Goal of the exercise
Give the lines again exactly as they appear, from the first line of the listing through the line containing "0, -1.5) normal", and omit every picture.

Source material
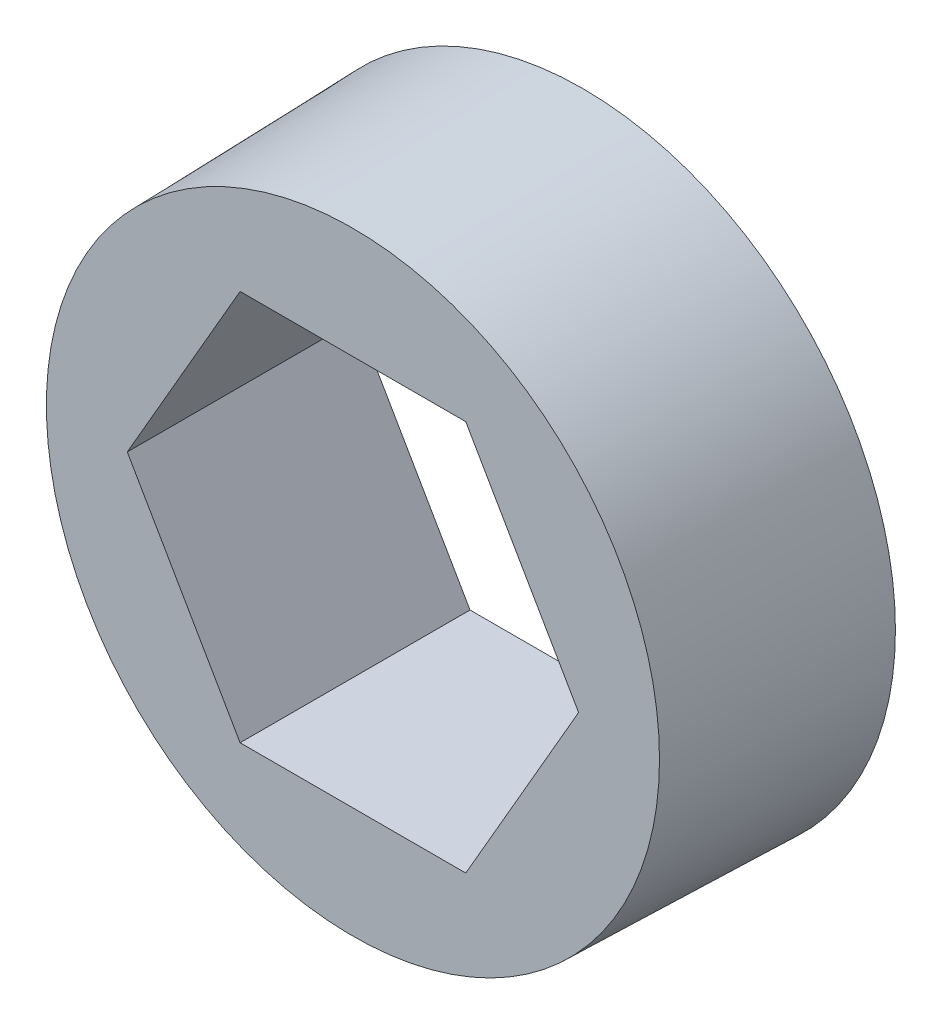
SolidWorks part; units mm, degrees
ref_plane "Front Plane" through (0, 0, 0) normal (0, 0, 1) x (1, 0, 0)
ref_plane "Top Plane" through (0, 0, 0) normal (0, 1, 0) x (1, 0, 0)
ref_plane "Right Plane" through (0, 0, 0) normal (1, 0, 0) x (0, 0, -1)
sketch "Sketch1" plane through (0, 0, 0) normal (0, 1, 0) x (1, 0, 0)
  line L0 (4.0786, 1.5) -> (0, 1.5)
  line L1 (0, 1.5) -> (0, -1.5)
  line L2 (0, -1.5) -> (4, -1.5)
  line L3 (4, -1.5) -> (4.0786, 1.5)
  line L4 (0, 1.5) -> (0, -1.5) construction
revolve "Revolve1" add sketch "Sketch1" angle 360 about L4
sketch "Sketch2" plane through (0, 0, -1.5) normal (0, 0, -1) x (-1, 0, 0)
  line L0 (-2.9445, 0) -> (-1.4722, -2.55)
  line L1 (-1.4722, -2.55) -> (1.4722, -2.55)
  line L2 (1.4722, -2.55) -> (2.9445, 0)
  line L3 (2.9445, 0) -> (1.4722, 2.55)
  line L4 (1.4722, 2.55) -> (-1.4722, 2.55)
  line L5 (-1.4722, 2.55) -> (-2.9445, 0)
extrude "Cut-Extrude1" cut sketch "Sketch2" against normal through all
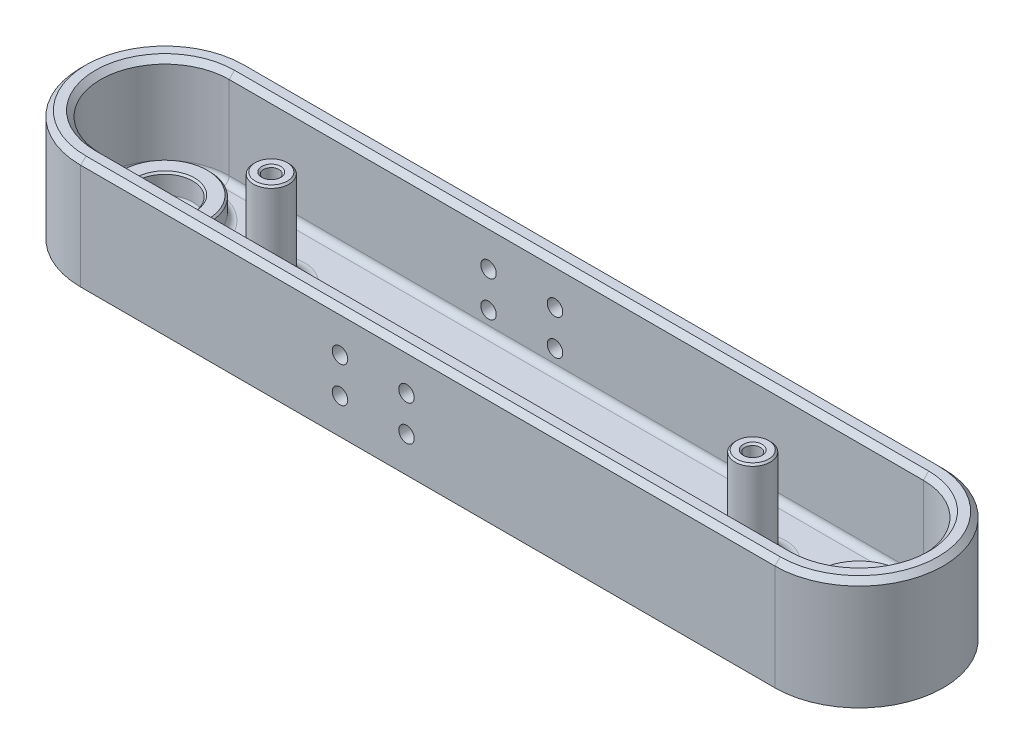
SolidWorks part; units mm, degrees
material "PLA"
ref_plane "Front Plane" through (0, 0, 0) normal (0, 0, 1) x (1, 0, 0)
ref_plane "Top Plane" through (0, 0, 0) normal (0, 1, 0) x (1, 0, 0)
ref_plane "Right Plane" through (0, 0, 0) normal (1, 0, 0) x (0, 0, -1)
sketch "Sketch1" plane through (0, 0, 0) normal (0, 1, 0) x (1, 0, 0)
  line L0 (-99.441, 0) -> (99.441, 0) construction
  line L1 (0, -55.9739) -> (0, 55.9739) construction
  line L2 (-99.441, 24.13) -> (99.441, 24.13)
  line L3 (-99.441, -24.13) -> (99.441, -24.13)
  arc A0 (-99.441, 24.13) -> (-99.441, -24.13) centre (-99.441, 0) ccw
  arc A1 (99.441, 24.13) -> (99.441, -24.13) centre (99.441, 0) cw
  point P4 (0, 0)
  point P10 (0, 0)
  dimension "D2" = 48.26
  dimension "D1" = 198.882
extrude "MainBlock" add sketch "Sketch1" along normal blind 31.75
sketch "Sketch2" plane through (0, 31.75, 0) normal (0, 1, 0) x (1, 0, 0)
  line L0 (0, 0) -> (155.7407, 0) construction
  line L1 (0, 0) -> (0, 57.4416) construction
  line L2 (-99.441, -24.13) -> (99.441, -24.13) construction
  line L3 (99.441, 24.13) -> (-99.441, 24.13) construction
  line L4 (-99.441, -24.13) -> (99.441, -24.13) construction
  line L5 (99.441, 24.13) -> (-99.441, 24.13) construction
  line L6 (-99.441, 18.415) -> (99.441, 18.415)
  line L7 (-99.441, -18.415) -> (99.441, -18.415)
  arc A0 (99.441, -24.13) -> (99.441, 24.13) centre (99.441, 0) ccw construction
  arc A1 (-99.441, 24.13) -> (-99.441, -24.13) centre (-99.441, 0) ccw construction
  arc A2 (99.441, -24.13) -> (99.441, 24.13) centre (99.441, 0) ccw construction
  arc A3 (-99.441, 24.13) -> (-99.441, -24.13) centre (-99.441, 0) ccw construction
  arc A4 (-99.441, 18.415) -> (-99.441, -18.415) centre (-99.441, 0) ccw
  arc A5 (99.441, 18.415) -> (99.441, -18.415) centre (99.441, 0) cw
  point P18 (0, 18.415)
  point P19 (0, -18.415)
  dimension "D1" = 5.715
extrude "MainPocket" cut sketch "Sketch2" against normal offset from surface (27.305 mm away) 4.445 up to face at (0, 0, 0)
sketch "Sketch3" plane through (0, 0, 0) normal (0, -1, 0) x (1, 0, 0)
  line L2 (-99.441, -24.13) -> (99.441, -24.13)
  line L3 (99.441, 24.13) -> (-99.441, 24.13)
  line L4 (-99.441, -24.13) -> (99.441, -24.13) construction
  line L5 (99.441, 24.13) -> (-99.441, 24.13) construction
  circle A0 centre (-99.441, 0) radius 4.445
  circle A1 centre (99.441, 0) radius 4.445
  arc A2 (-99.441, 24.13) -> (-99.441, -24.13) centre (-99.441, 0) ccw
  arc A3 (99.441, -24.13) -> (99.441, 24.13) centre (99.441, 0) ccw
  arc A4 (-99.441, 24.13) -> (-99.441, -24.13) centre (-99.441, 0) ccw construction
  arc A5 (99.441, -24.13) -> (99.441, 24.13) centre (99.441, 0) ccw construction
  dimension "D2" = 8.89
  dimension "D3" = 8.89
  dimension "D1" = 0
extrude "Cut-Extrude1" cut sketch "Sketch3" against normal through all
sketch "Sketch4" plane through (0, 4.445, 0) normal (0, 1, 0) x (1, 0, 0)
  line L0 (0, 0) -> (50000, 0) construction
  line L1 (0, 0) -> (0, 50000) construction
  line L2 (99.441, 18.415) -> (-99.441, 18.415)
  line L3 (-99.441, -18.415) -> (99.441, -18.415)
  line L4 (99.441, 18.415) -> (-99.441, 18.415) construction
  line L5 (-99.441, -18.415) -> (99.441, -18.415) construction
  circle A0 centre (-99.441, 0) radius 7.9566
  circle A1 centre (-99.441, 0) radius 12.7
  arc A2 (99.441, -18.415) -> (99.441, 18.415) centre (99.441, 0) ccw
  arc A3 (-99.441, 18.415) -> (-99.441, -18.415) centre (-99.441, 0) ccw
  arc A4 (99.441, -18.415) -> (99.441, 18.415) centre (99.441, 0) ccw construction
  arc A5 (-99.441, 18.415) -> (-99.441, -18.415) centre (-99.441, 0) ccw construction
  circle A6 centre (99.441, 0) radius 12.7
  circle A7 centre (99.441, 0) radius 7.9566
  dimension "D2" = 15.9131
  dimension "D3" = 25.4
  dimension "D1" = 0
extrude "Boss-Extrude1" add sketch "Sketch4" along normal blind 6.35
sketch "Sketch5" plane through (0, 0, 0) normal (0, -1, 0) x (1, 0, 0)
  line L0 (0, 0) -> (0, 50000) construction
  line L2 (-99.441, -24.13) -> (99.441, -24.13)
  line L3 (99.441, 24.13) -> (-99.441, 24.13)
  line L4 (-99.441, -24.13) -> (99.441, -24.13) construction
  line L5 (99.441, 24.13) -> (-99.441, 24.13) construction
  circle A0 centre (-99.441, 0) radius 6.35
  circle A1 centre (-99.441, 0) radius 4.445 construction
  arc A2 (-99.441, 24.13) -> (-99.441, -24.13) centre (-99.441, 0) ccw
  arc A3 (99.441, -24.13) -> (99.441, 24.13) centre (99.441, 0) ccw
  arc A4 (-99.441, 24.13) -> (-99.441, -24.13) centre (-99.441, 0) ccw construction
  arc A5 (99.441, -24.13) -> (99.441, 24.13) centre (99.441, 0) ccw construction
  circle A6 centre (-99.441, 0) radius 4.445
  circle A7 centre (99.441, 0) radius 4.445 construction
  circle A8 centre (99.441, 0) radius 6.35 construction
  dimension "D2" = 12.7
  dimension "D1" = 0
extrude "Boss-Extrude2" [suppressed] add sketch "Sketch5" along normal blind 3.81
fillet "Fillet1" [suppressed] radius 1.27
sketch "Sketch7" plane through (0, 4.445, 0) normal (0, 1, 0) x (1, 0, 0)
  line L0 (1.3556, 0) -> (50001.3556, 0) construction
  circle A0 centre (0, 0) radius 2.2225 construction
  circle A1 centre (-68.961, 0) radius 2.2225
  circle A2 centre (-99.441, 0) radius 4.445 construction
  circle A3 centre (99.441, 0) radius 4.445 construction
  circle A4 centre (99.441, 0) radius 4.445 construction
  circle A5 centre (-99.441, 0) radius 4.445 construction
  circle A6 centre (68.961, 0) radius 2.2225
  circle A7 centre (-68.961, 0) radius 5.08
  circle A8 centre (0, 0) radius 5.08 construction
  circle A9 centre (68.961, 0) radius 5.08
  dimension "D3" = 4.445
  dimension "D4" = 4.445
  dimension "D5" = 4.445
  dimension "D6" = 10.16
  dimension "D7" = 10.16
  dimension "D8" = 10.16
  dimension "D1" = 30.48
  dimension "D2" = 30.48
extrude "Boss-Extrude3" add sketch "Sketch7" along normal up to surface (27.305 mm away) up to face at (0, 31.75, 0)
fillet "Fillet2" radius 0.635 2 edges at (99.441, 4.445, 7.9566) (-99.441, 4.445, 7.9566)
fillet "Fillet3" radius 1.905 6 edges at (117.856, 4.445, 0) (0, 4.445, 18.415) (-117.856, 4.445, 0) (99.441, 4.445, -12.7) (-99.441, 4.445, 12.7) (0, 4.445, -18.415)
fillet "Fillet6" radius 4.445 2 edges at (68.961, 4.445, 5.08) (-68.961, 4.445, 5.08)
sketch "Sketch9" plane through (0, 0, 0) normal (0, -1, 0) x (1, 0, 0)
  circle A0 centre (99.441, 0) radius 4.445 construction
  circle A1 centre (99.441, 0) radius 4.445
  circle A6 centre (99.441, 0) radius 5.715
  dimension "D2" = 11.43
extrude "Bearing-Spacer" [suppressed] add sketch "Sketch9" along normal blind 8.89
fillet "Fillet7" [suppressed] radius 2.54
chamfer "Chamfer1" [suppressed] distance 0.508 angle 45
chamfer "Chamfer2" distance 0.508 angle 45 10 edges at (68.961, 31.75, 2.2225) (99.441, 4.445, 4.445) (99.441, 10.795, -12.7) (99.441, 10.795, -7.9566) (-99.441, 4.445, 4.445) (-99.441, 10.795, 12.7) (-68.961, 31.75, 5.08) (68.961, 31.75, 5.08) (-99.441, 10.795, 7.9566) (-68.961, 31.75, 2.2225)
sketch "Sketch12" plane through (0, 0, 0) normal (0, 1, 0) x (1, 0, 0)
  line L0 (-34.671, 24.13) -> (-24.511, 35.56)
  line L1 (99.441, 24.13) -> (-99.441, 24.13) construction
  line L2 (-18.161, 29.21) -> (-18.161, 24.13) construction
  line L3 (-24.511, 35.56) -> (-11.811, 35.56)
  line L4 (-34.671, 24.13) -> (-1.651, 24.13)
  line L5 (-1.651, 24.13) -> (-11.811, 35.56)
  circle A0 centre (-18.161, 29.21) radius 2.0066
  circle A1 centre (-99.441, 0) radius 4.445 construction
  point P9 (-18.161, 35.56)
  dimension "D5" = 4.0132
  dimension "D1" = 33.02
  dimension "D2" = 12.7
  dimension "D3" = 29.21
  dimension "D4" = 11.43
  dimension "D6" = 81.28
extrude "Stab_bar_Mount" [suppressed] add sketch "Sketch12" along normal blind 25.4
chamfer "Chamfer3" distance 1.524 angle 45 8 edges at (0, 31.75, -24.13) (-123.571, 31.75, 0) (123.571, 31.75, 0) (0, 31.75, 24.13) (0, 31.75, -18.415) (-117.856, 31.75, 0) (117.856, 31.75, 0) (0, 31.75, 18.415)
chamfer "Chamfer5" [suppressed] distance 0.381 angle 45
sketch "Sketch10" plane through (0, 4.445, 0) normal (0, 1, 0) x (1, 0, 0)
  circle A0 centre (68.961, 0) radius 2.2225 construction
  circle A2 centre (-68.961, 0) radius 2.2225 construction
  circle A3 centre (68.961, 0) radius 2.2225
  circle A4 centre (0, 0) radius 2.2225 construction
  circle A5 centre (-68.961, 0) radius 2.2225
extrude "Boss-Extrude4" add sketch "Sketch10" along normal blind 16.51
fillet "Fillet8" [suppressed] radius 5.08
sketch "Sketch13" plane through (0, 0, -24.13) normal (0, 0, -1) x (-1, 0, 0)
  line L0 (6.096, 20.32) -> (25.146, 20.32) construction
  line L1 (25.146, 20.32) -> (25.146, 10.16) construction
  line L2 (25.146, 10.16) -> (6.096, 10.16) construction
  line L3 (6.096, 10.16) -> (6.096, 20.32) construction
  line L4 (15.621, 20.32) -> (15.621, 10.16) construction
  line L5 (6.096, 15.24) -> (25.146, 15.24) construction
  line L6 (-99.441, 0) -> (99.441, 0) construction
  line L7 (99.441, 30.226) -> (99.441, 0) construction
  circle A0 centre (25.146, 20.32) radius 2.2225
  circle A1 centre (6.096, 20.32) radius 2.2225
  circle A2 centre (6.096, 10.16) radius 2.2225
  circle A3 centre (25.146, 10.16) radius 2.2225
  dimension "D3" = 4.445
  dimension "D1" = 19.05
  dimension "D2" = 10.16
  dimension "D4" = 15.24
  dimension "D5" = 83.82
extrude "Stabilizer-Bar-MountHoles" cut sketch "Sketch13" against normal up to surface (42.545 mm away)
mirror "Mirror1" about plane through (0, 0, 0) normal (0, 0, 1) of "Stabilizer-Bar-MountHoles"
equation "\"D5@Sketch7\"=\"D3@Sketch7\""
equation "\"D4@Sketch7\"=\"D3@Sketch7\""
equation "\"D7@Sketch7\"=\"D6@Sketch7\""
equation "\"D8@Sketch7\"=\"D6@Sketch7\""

Output below
SolidWorks part; units mm, degrees
ref_plane "Front Plane" through (0, 0, 0) normal (0, 0, 1) x (1, 0, 0)
ref_plane "Top Plane" through (0, 0, 0) normal (0, 1, 0) x (1, 0, 0)
ref_plane "Right Plane" through (0, 0, 0) normal (1, 0, 0) x (0, 0, -1)
sketch "Sketch1" plane through (0, 0, 0) normal (0, 1, 0) x (1, 0, 0)
  line L0 (4.0786, 1.5) -> (0, 1.5)
  line L1 (0, 1.5) -> (0, -1.5)
  line L2 (0, -1.5) -> (4, -1.5)
  line L3 (4, -1.5) -> (4.0786, 1.5)
  line L4 (0, 1.5) -> (0, -1.5) construction
revolve "Revolve1" add sketch "Sketch1" angle 360 about L4
sketch "Sketch2" plane through (0, 0, -1.5) normal (0, 0, -1) x (-1, 0, 0)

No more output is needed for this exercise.